# Action item
Filter the entries for the string "schematic". Copy each line that has it.

::::

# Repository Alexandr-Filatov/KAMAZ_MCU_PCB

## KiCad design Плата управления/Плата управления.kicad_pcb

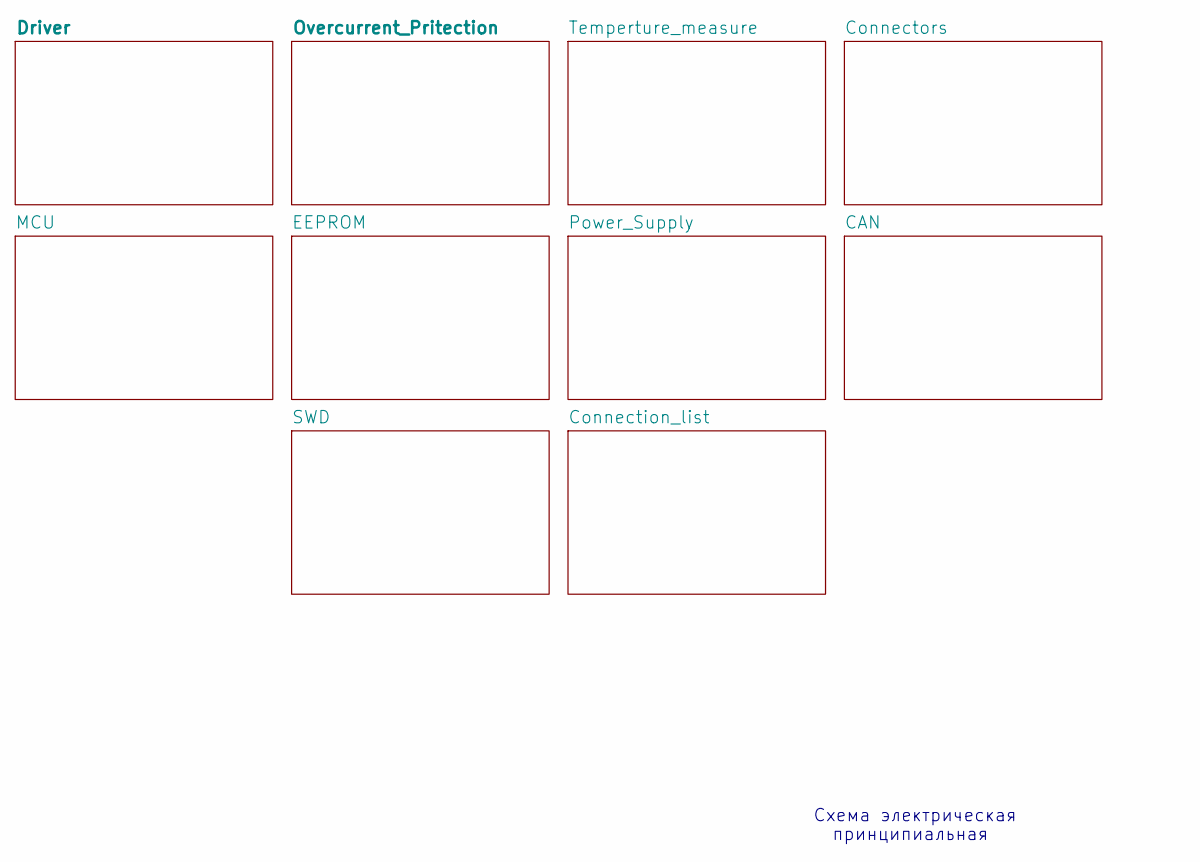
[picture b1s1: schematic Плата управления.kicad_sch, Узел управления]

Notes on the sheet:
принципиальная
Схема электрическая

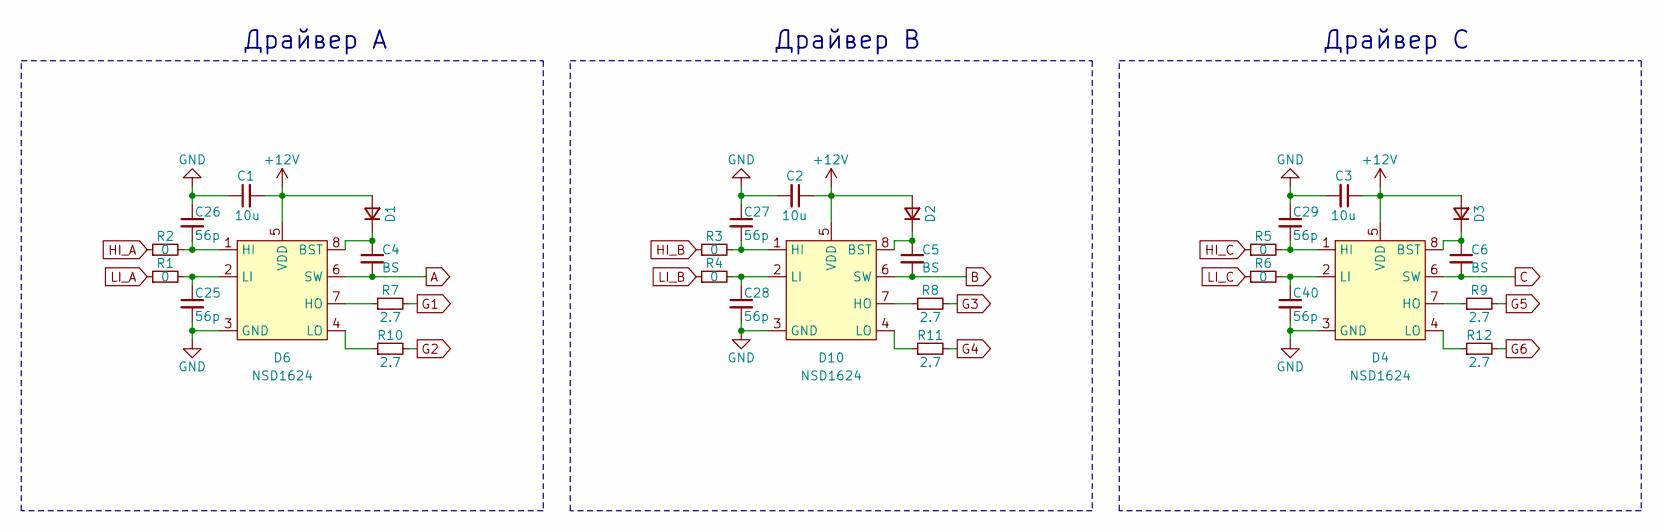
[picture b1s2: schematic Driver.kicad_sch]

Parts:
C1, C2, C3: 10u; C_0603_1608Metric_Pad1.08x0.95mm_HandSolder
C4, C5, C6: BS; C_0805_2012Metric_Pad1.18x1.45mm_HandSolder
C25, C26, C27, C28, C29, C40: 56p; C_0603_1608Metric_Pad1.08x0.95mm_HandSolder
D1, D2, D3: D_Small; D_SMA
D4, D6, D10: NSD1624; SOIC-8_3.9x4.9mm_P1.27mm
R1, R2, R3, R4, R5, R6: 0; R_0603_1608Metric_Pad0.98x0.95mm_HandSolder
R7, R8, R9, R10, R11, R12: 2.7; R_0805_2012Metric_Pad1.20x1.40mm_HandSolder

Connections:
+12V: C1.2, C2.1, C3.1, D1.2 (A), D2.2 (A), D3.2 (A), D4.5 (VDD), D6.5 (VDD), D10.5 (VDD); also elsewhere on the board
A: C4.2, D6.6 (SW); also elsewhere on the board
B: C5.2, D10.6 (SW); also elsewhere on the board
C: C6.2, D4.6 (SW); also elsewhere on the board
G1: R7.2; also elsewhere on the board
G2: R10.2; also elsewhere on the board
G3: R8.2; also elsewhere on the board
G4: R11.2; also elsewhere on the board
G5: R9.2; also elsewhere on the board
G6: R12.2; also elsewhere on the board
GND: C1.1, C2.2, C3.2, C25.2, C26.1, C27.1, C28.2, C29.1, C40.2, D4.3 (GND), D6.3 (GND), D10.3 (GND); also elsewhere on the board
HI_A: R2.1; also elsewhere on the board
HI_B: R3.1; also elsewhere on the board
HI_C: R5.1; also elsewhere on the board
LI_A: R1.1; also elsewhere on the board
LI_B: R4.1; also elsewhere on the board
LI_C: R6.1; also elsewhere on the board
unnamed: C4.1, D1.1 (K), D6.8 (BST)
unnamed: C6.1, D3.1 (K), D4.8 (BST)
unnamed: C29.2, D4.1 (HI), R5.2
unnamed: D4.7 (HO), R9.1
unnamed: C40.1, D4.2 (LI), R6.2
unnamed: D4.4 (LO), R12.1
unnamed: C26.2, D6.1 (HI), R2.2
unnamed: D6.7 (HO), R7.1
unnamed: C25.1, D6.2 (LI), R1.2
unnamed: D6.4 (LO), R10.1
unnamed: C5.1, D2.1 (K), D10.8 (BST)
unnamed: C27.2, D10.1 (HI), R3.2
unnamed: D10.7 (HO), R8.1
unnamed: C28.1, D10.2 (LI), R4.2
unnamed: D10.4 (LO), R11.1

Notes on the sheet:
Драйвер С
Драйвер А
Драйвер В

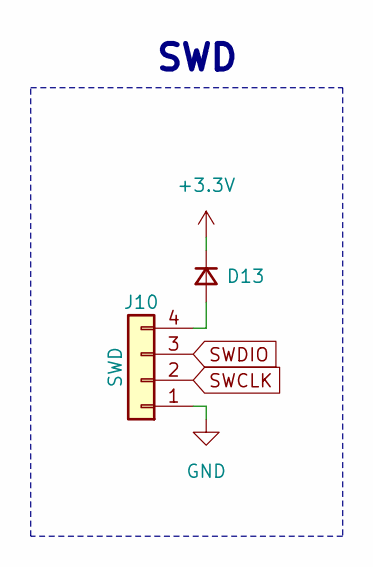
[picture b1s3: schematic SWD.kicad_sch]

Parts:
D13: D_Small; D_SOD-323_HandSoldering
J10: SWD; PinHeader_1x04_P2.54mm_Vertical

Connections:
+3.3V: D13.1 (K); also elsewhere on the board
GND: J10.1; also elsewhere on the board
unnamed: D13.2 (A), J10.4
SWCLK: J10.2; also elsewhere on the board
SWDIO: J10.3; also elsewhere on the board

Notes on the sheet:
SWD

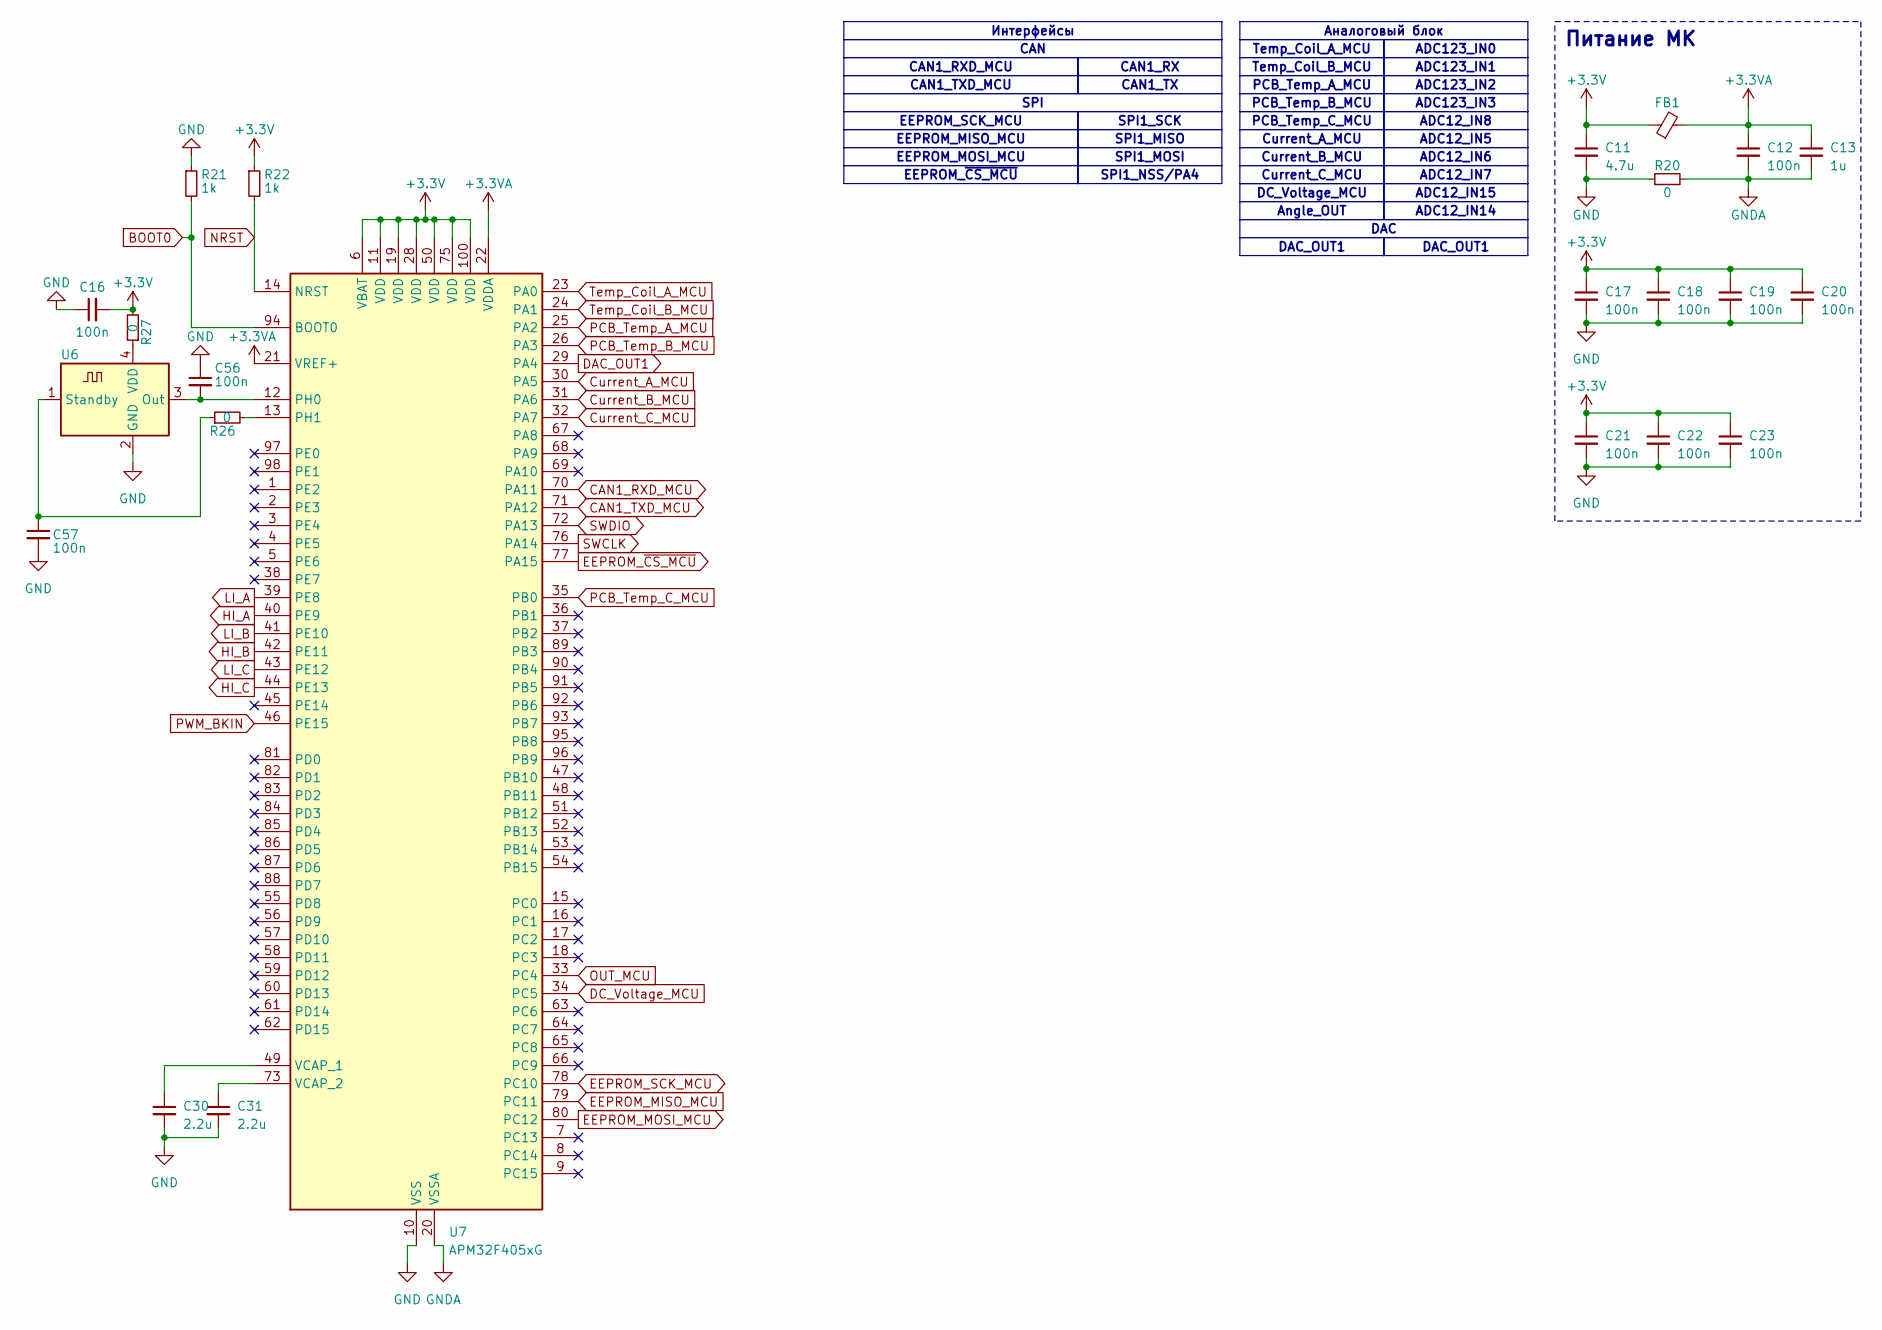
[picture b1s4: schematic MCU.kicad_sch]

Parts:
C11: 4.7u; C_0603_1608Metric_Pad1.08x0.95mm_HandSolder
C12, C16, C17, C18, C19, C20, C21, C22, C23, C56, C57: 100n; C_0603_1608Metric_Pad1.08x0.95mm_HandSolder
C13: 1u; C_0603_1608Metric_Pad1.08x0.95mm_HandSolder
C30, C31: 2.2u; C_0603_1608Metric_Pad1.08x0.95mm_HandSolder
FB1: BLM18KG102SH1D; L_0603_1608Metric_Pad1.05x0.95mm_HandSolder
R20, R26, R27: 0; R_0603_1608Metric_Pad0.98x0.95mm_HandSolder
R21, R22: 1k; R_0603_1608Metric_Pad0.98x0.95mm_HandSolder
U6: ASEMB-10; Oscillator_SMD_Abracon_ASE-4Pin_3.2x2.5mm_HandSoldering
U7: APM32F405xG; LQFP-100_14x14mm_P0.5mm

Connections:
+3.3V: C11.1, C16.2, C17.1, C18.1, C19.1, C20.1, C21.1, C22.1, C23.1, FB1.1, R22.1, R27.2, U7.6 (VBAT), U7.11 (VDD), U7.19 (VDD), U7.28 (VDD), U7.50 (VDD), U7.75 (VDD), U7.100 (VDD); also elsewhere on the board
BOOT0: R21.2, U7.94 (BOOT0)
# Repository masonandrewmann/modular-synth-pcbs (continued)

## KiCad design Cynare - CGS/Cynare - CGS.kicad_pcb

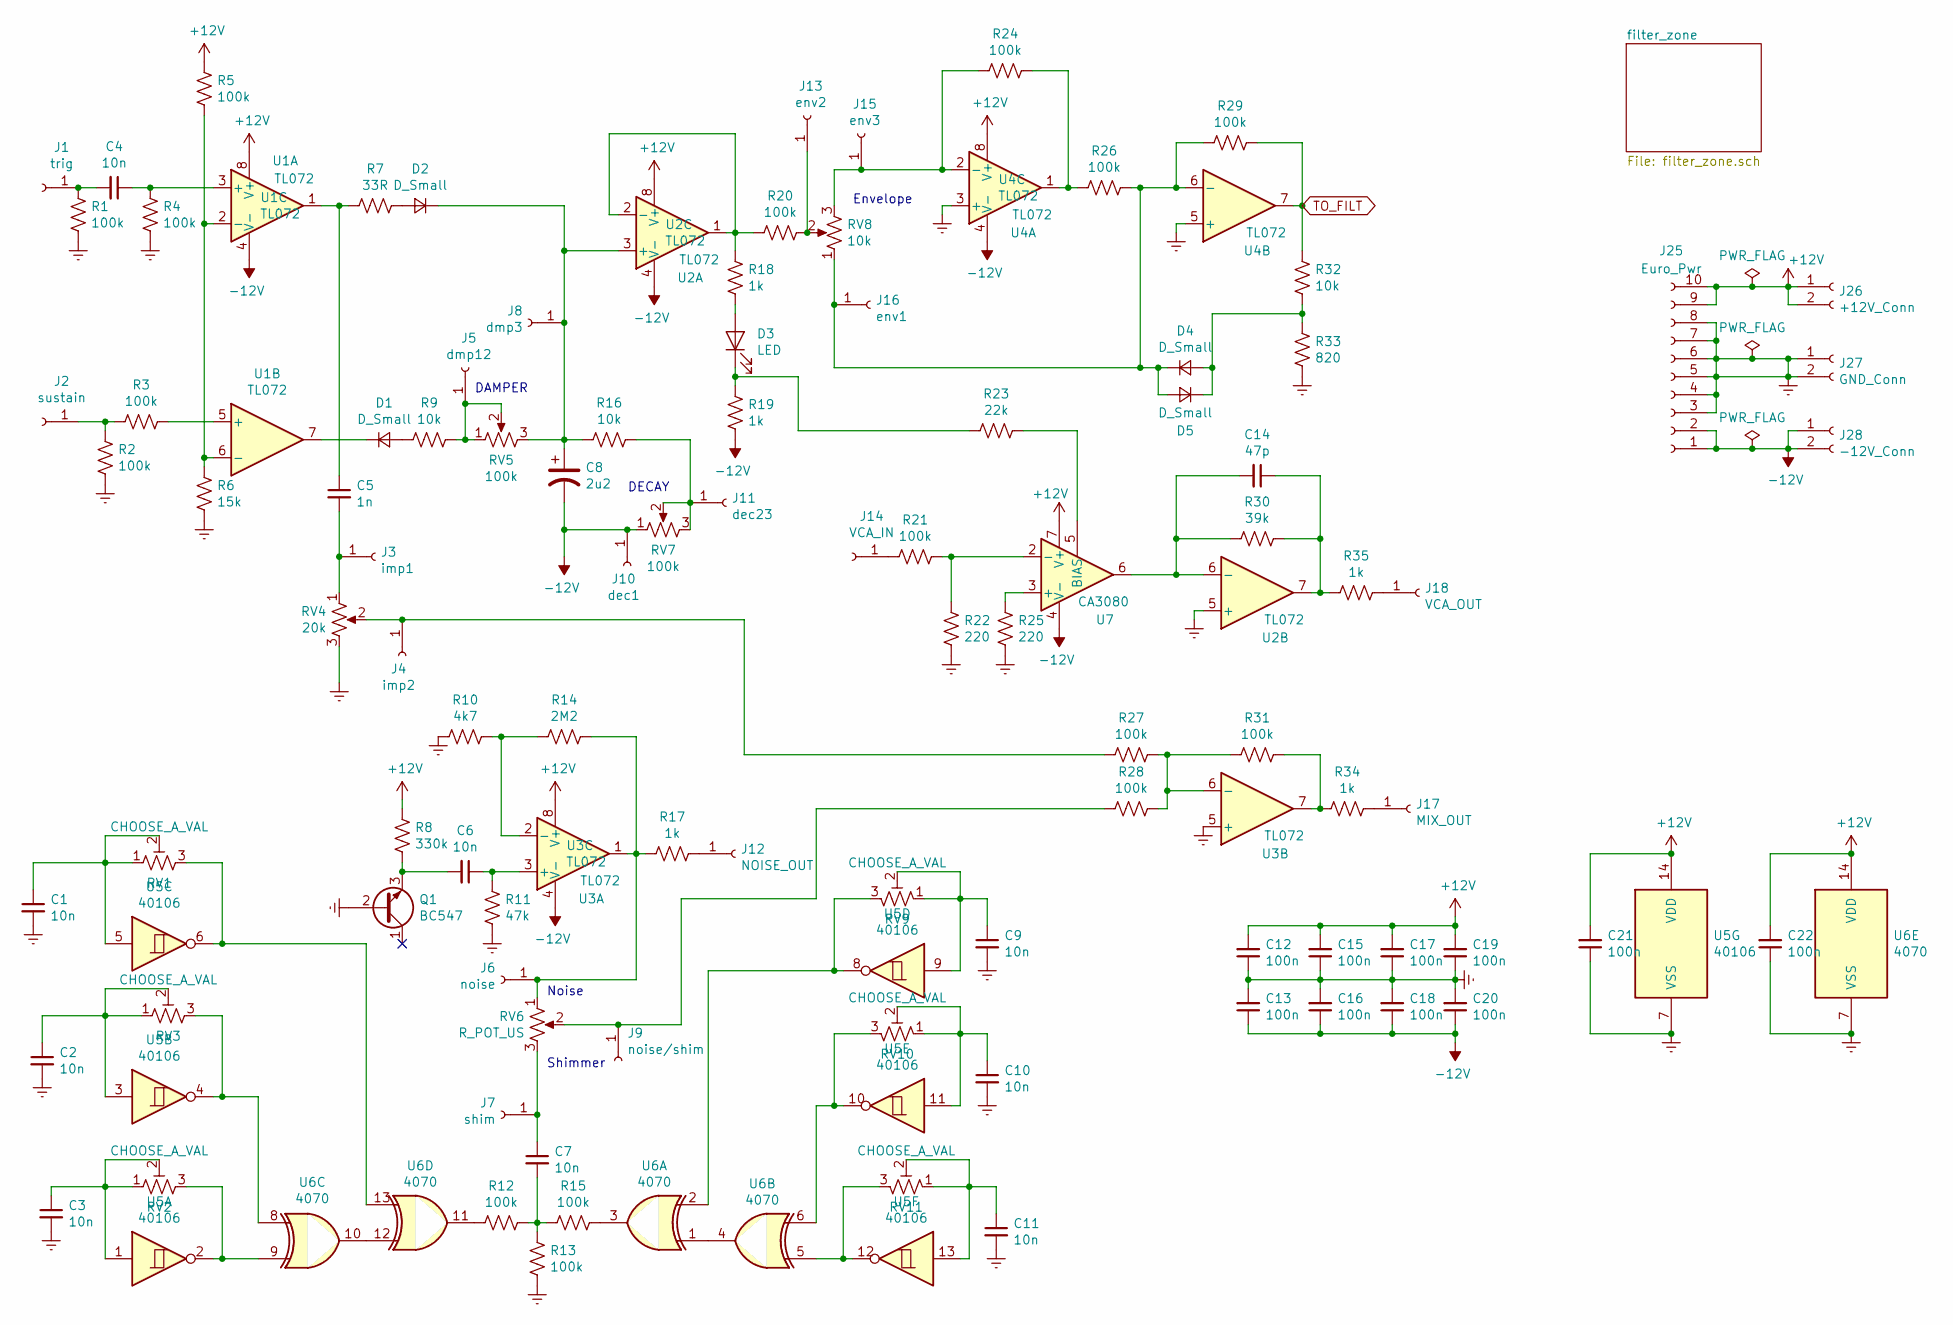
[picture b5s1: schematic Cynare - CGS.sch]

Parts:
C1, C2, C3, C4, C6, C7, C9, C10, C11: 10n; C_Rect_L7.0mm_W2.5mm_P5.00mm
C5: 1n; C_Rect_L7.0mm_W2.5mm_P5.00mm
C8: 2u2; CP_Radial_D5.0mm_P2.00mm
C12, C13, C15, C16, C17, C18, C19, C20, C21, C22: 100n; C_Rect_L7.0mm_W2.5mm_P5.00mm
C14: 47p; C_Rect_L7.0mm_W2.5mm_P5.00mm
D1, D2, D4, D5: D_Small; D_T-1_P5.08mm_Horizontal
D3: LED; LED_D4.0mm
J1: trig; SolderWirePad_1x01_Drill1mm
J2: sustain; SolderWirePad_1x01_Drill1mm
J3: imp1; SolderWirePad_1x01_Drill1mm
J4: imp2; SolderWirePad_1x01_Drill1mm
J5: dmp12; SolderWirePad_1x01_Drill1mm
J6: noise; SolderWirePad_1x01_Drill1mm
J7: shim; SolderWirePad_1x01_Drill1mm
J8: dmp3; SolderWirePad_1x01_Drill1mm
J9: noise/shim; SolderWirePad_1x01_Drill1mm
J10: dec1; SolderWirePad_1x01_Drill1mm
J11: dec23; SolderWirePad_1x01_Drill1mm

::::

# Answer to the exercise
[picture b1s1: schematic Плата управления.kicad_sch, Узел управления]
[picture b1s2: schematic Driver.kicad_sch]
[picture b1s3: schematic SWD.kicad_sch]
[picture b1s4: schematic MCU.kicad_sch]
[picture b5s1: schematic Cynare - CGS.sch]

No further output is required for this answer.